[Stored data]
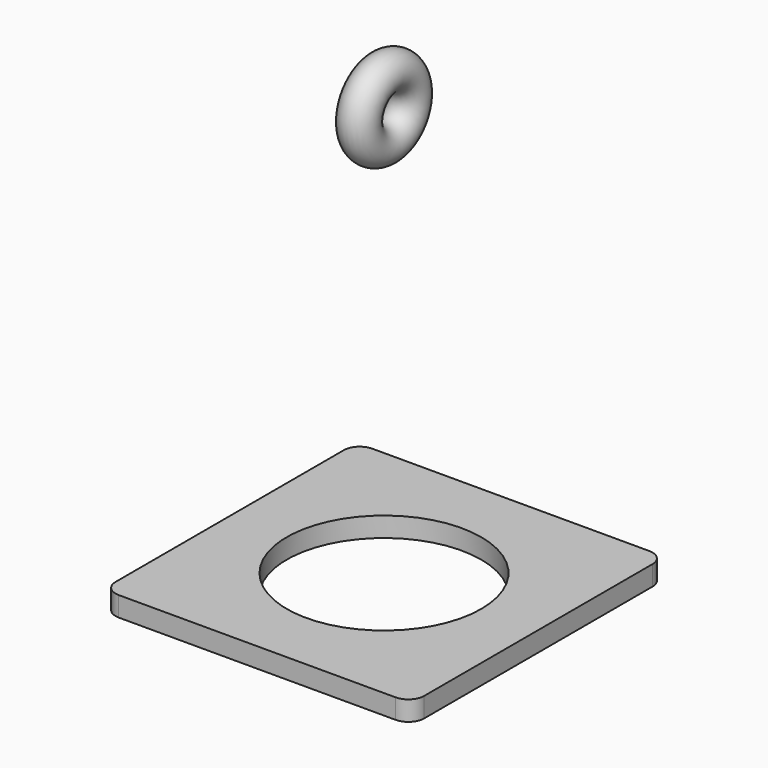
from build123d import *

# Parameters (mm, degrees)
F1_DEPTH = 1.5875
F4_R     = 1.445040765
F6_R     = 7.792593953
F7_DEPTH = 1.651


# Not quite as in the source:
# - the program builds the solid bodies; features that only make, move or delete a surface that nothing else refers to are left out


with BuildPart() as f1:
    # F0 (on Top) → F1 (new body)
    with BuildSketch(Plane.XY):
        with BuildLine():
            Line((-11.092720091, -12.7), (11.092720091, -12.7))
            ThreePointArc((11.092720091, -12.7), (11.9907457031, -12.3280256121), (12.362720091, -11.43))
            Line((12.362720091, -11.43), (12.362720091, 11.43))
            ThreePointArc((12.362720091, 11.43), (11.9907457031, 12.3280256121), (11.092720091, 12.7))
            Line((11.092720091, 12.7), (-11.092720091, 12.7))
            ThreePointArc((-11.092720091, 12.7), (-11.9907457031, 12.3280256121), (-12.362720091, 11.43))
            Line((-12.362720091, 11.43), (-12.362720091, -11.43))
            ThreePointArc((-12.362720091, -11.43), (-11.9907457031, -12.3280256121), (-11.092720091, -12.7))
        make_face()
    extrude(amount=F1_DEPTH)

    # F6 (on Top) → F7 (cut)
    with BuildSketch(Plane.XY):
        Circle(F6_R)
    extrude(amount=F7_DEPTH, mode=Mode.SUBTRACT)


with BuildPart() as f5:
    # F4 (on Front) → F5 (revolve)
    with BuildSketch(Plane.XZ):
        with Locations((0, 31.9377668202)):
            Circle(F4_R)
    revolve(axis=Axis((0.2411192982, 0, 34.4339795411), (1, 0, 0)))


solid = Compound([f1.part, f5.part])

#### [What the task requires]
Print exactly the lines running from the start of the entries above to the line with "Line((-11.092720091, -12.7), (11.092720091, -12.7))", both included; leave out any pictures.

#### [Output]
from build123d import *

# Parameters (mm, degrees)
F1_DEPTH = 1.5875
F4_R     = 1.445040765
F6_R     = 7.792593953
F7_DEPTH = 1.651


# Not quite as in the source:
# - the program builds the solid bodies; features that only make, move or delete a surface that nothing else refers to are left out


with BuildPart() as f1:
    # F0 (on Top) → F1 (new body)
    with BuildSketch(Plane.XY):
        with BuildLine():
            Line((-11.092720091, -12.7), (11.092720091, -12.7))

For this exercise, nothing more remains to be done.